TASK PROMPT> The lines below may contain the word "units". Please count those that do and give the number alone.

DATA SUPPLIED>
┄┄┄┄┄┄┄┄┄┄┄┄┄┄┄┄┄┄┄┄

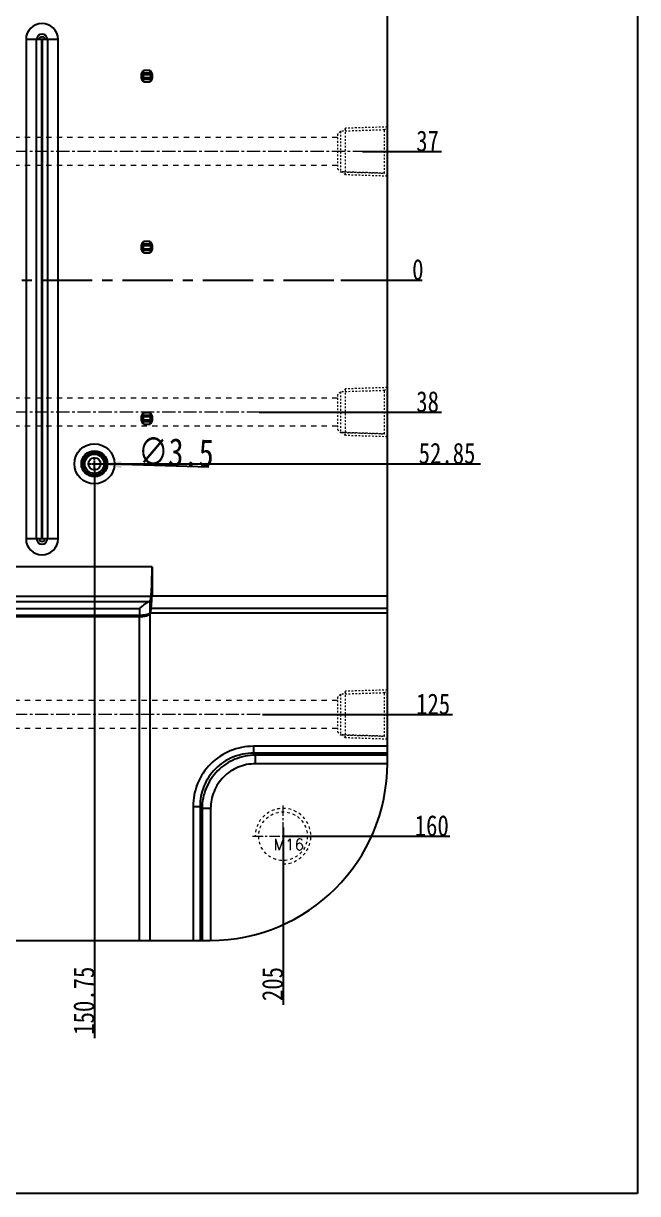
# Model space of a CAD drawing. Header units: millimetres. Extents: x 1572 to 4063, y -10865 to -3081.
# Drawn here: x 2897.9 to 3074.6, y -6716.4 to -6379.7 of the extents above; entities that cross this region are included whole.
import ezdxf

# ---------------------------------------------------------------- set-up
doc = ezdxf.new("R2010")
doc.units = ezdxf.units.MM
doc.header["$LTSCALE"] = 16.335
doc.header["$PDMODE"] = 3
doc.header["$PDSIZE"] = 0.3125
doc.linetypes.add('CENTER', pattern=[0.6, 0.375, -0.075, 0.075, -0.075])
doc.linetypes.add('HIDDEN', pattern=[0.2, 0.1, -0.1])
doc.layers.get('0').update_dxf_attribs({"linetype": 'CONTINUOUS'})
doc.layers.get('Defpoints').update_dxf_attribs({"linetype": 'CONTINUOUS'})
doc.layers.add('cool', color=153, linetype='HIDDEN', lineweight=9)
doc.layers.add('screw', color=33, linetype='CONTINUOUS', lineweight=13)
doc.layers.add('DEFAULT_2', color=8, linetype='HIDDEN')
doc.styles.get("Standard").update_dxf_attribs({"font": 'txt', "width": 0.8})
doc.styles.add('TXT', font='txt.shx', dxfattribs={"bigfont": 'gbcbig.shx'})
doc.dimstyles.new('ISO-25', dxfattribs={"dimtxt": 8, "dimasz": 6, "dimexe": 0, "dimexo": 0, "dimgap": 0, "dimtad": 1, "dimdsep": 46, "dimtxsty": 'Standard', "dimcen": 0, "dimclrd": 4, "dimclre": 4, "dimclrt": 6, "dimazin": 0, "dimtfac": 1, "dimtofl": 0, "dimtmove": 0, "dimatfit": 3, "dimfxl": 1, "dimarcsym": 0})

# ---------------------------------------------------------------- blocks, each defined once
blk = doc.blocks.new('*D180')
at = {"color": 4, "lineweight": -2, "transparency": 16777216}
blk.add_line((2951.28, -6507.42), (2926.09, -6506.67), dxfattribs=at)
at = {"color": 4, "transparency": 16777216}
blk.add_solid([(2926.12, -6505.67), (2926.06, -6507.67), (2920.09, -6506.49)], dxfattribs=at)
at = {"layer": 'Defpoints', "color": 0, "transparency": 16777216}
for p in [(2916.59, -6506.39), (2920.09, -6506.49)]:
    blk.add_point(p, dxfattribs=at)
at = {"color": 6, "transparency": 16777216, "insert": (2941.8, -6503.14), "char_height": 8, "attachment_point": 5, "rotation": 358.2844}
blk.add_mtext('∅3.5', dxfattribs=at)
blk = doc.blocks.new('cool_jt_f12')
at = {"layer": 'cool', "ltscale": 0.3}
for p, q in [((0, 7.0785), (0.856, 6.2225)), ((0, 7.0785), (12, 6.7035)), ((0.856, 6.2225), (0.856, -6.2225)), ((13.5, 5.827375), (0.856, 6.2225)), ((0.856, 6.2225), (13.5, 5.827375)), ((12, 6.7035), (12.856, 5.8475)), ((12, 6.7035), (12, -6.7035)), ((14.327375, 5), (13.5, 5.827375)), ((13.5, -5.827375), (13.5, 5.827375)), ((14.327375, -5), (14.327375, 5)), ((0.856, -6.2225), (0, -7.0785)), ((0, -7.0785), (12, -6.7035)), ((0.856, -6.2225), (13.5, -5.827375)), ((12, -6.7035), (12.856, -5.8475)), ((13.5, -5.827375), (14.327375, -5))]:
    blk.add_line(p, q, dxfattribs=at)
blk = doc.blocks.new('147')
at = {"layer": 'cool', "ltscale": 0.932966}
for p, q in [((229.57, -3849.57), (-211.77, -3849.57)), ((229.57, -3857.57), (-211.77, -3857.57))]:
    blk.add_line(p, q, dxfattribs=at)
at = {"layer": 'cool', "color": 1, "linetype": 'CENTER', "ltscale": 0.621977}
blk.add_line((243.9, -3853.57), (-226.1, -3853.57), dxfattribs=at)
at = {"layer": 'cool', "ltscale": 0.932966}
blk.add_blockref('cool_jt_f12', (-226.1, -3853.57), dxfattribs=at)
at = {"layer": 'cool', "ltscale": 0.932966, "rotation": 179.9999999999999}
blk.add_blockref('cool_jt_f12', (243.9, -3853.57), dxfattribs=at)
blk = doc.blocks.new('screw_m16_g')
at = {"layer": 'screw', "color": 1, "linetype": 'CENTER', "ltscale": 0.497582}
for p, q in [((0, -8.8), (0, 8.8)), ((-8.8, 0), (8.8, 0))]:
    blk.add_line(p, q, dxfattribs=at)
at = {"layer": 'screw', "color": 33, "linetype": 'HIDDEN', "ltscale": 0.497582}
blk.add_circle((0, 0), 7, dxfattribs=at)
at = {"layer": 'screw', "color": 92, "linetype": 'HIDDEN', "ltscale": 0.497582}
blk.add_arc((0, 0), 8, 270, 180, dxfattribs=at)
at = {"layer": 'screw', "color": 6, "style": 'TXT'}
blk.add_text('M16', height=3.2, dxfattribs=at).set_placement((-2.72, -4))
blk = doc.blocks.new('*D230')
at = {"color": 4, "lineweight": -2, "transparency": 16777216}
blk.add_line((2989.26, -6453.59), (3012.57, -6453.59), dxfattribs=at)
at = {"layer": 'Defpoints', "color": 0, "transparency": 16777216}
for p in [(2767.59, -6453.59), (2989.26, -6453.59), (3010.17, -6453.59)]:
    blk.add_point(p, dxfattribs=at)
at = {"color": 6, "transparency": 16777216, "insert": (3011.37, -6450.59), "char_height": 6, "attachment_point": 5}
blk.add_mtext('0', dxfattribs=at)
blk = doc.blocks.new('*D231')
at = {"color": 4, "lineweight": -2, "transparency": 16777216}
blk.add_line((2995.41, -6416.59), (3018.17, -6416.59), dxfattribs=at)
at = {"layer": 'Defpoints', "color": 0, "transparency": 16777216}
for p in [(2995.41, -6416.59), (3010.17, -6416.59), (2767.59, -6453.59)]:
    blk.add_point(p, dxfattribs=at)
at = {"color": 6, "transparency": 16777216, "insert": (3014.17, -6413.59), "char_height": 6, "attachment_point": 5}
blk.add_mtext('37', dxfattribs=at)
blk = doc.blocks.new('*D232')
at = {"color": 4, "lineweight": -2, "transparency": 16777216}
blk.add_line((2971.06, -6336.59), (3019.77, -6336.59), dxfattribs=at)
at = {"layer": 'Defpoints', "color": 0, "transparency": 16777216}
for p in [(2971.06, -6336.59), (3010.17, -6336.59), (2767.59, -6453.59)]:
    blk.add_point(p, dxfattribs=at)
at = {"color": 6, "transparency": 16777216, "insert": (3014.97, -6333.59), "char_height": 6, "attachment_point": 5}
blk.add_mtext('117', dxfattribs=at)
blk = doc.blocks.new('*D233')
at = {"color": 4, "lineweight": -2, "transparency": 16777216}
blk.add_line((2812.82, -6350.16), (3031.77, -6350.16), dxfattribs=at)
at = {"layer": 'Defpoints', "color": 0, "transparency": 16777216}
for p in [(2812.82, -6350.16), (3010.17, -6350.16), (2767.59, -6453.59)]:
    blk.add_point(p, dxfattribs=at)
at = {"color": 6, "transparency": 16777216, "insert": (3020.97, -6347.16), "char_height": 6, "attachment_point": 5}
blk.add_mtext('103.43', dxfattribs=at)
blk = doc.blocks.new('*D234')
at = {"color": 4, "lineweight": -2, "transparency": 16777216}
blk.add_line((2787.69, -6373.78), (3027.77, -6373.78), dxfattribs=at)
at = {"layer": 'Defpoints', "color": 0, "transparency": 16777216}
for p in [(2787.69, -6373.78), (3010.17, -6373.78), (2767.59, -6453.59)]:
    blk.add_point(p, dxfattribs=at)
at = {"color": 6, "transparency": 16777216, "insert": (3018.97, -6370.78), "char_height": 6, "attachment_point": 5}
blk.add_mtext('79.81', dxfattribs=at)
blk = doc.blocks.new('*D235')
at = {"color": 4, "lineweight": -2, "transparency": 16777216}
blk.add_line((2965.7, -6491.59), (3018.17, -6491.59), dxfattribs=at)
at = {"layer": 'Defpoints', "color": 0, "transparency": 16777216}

┄┄┄┄┄┄┄┄┄┄┄┄┄┄┄┄┄┄┄┄

ANSWER BOX> 2